I think N. Inermis needs to be kept relatively cool


----------



## GRIMM (Jan 18, 2010)

Brotherly Monkey said:


> I think N. Inermis needs to be kept relatively cool


Possibly. I remember reading somewhere that is is typically found in trees so thats why I mentioned them. They have some cool looking pitchers at least.


----------



## Brotherly Monkey (Jul 20, 2010)

GRIMM said:


> Possibly. I remember reading somewhere that is is typically found in trees so thats why I mentioned them. They have some cool looking pitchers at least.

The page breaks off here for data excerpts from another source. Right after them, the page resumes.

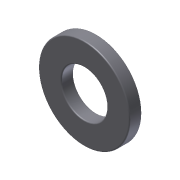
# Autodesk Inventor part: 375 washer structural 112 thick
Saved by Autodesk Inventor 2011 SP1 (Build 150282100, 282)
## iProperties
Created: 2011-07-25
Part Number: 375 washer structural 112 thick
Material: Steel
Document SubType Name: Modeling
Designer: Dan Niemitalo
Mass: 5.47462 g
Surface Area: 7.51505 cm^2
Volume: 0.697404 cm^3
Density: 7.85 g/cm^3
Author: Dan Niemitalo
Autodesk Inventor part; units mm, degrees
ref_plane "YZ Plane" through (0, 0, 0) normal (1, 0, 0) x (0, 1, 0)
ref_plane "XZ Plane" through (0, 0, 0) normal (0, 1, 0) x (-1, 0, 0)
ref_plane "XY Plane" through (0, 0, 0) normal (0, 0, 1) x (1, 0, 0)
sketch "Sketch1" plane through (0, 0, 0) normal (0, 0, 1) x (1, 0, 0)
  circle A0 centre (0, 0) radius 5.1562
  circle A1 centre (0, 0) radius 10.3124
  dimension "d0" = 10.3124
  dimension "d1" = 20.6248
  constraints: 2 centre point, 2 coincident
  measures "d0" diameter of A0
  measures "d1" diameter of A1
extrude "Extrusion1" add sketch "Sketch1" along normal blind 2.794
fillet "Fillet1" radius 0.254 2 edges at (-10.3124, 0, 2.794) (-10.3124, 0, 0)
fillet "Fillet2" radius 0.254 2 edges at (-5.1562, 0, 2.794) (-5.1562, 0, 0)
body "Solid1"
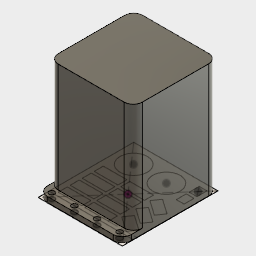
size_test (Autodesk Fusion 360 design; units mm, degrees)
Autodesk Fusion 360 part; units mm, degrees
sketch "Sketch1" plane through (0, 0, 0) normal (0, 1, 0) x (1, 0, 0)
  line L0 (23.1297, 26.25) -> (-23.1297, 26.25)
  line L1 (-23.1297, 26.25) -> (-23.1297, -26.25)
  line L2 (-23.1297, -26.25) -> (23.1297, -26.25)
  line L3 (23.1297, -26.25) -> (23.1297, 26.25)
  line L4 (23.1297, 26.25) -> (-23.1297, -26.25) construction
  line L5 (-23.1297, 26.25) -> (23.1297, -26.25) construction
  line L6 (-20.1297, -18.25) -> (-7.1297, -18.25)
  line L7 (-7.1297, -18.25) -> (-7.1297, -13.25)
  line L8 (-7.1297, -13.25) -> (-20.1297, -13.25)
  line L9 (-20.1297, -13.25) -> (-20.1297, -18.25)
  circle A0 centre (-12.6297, 15.75) radius 7.5
  line L10 (-5.5297, -13.25) -> (-5.5297, -18.25)
  line L11 (7.4703, -13.25) -> (-5.5297, -13.25)
  line L12 (7.4703, -18.25) -> (7.4703, -13.25)
  line L13 (-5.5297, -18.25) -> (7.4703, -18.25)
  line L14 (-20.1297, -6.65) -> (-20.1297, -11.65)
  line L15 (-7.1297, -6.65) -> (-20.1297, -6.65)
  line L16 (-7.1297, -11.65) -> (-7.1297, -6.65)
  line L17 (-20.1297, -11.65) -> (-7.1297, -11.65)
  line L18 (-5.5297, -6.65) -> (-5.5297, -11.65)
  line L19 (7.4703, -6.65) -> (-5.5297, -6.65)
  line L20 (7.4703, -11.65) -> (7.4703, -6.65)
  line L21 (-5.5297, -11.65) -> (7.4703, -11.65)
  line L22 (-20.1297, -0.05) -> (-20.1297, -5.05)
  line L23 (-7.1297, -0.05) -> (-20.1297, -0.05)
  line L24 (-7.1297, -5.05) -> (-7.1297, -0.05)
  line L25 (-20.1297, -5.05) -> (-7.1297, -5.05)
  line L26 (-5.5297, -0.05) -> (-5.5297, -5.05)
  line L27 (7.4703, -0.05) -> (-5.5297, -0.05)
  line L28 (7.4703, -5.05) -> (7.4703, -0.05)
  line L29 (-5.5297, -5.05) -> (7.4703, -5.05)
  line L30 (-20.1297, 6.55) -> (-20.1297, 1.55)
  line L31 (-7.1297, 6.55) -> (-20.1297, 6.55)
  line L32 (-7.1297, 1.55) -> (-7.1297, 6.55)
  line L33 (-20.1297, 1.55) -> (-7.1297, 1.55)
  line L34 (-5.5297, 6.55) -> (-5.5297, 1.55)
  line L35 (7.4703, 6.55) -> (-5.5297, 6.55)
  line L36 (7.4703, 1.55) -> (7.4703, 6.55)
  line L37 (-5.5297, 1.55) -> (7.4703, 1.55)
  line L38 (7.4703, -18.25) -> (23.1297, -18.25) construction
  line L39 (17.2618, -18.25) -> (9.0703, -12.5142)
  line L40 (9.0703, -12.5142) -> (11.9382, -8.4185)
  line L41 (11.9382, -8.4185) -> (20.1297, -14.1542)
  line L42 (20.1297, -14.1542) -> (17.2618, -18.25)
  line L43 (17.2618, -10.514) -> (9.0703, -4.7782)
  line L44 (9.0703, -4.7782) -> (11.9382, -0.6825)
  line L45 (11.9382, -0.6825) -> (20.1297, -6.4182)
  line L46 (20.1297, -6.4182) -> (17.2618, -10.514)
  line L47 (17.2618, -2.778) -> (9.0703, 2.9578)
  line L48 (9.0703, 2.9578) -> (11.9382, 7.0535)
  line L49 (11.9382, 7.0535) -> (20.1297, 1.3178)
  line L50 (20.1297, 1.3178) -> (17.2618, -2.778)
  circle A1 centre (5.3703, 15.75) radius 7.5
  line L51 (20.1297, 23.25) -> (15.8797, 23.25)
  line L52 (15.8797, 23.25) -> (15.8797, 17.75)
  line L53 (15.8797, 17.75) -> (20.1297, 17.75)
  line L54 (20.1297, 17.75) -> (20.1297, 23.25)
  line L55 (20.1297, 23.25) -> (15.8797, 17.75) construction
  line L56 (15.8797, 23.25) -> (20.1297, 17.75) construction
  line L57 (20.1297, 10.65) -> (20.1297, 16.15)
  line L58 (15.8797, 16.15) -> (15.8797, 10.65)
  line L59 (15.8797, 10.65) -> (20.1297, 10.65)
  line L60 (20.1297, 16.15) -> (15.8797, 16.15)
  circle A2 centre (-18.6297, -23.25) radius 1.5
  line L61 (-23.1297, -20.25) -> (23.1297, -20.25)
  circle A3 centre (-6.2104, -23.25) radius 1.5
  circle A4 centre (6.209, -23.25) radius 1.5
  circle A5 centre (18.6283, -23.25) radius 1.5
  point P0 (18.0047, 20.5)
  dimension "d1" = 13
  dimension "d2" = 5
  dimension "d4" = 3
  dimension "d5" = 15
  dimension "d6" = 10.5
  dimension "d7" = 10.5
  dimension "d8" = 52.5
  dimension "d11" = 14.6
  dimension "d12" = 6.6
  dimension "d16" = 35
  dimension "d17" = 1.6
  dimension "d18" = 10
  dimension "d19" = 5
  dimension "d21" = 3
  dimension "d24" = 0
  dimension "d25" = 7.736
  dimension "d28" = 18
  dimension "d29" = 0
  dimension "d36" = 4.25
  dimension "d37" = 5.5
  dimension "d38" = 3
  dimension "d39" = 3
  dimension "d42" = 0
  dimension "d43" = -7.1
  dimension "d44" = 3
  dimension "d46" = 4.5
  dimension "d47" = 3
  dimension "d48" = 6
  dimension "d49" = 2
  dimension "d52" = 37.258
  dimension "d53" = 0
  measures "d1" distance of L6.start L6.end
  measures "d2" distance of L6.end L7.end
  measures "d4" distance of L1 L9
  measures "d5" diameter of A0
  measures "d6" distance of L0 A0.centre
  measures "d7" distance of L1 A0.centre
  measures "d8" distance of L0.end L1.end
  measures "d16" angle of L38 L39
  measures "d17" distance of L12 L39.end
  measures "d18" distance of L39.start L39.end
  measures "d19" distance of L39.end L40.end
  measures "d21" distance of L3 L41.end
  measures "d36" distance of L51.start L52.end
  measures "d37" distance of L51.start L53.end
  measures "d38" distance of L3 L54
  measures "d39" distance of L0 L51
  measures "d44" diameter of A2
  measures "d46" distance of L1 A2.centre
  measures "d47" distance of L2 A2.centre
  measures "d48" distance of L2 L61
  measures "d49" distance of L6 L61
extrude "Extrude3" add sketch "Sketch1" along normal blind 3
extrude "Extrude4" add sketch "Sketch1" along normal blind 58 from surface at 3 contours L0 L1 L3 L61
extrude "Extrude5" add sketch "Sketch1" along normal blind 2 from surface at 61 contours L0 L1 L3 L61 | L6 L7 L8 L9 | A0 | L10 L11 L12 L13 | L14 L15 L16 L17 | L18 L19 L20 L21 | L22 L23 L24 L25 | L26 L27 L28 L29 | L30 L31 L32 L33 | L34 L35 L36 L37 | L39 L40 L41 L42 | L43 L44 L45 L46 | L47 L48 L49 L50 | A1 | L51 L52 L53 L54 | L57 L58 L59 L60
fillet "Fillet2" radius 5 6 edges at (23.1297, 1.5, 26.25) (23.1297, 33, 20.25) (-23.1297, 1.5, 26.25) (-23.1297, 33, 20.25) (23.1297, 31.5, -26.25) (-23.1297, 31.5, -26.25)
equation "d6 = 7.5 mm + 3 mm"
equation "d25 = 5.736 mm + 2 mm"
equation "d43 = -5.5 mm - 1.6 mm"

the hard to grow ones always do!

PS Deeb, that tank turned out amazing


----------



## inflight (Jun 12, 2007)

Be careful of water quality when dealing with nepenthes. They prefer the purest water you can give them.


----------



## frogparty (Dec 27, 2007)

just remember that they all turn into vines, and can get quite large. Even the "small" species can easily get 2 or 3 feet across, ad 4 or more feet long.


----------



## Arizona Tropicals (Feb 15, 2010)

I can't add much to the conversation BUT whatever you decide to do, please post pictures of this tank planted when the time comes. It looks amazing so far and I'd love to see it completed!


----------



## thedude (Nov 28, 2007)

frogparty said:


> just remember that they all turn into vines, and can get quite large. Even the "small" species can easily get 2 or 3 feet across, ad 4 or more feet long.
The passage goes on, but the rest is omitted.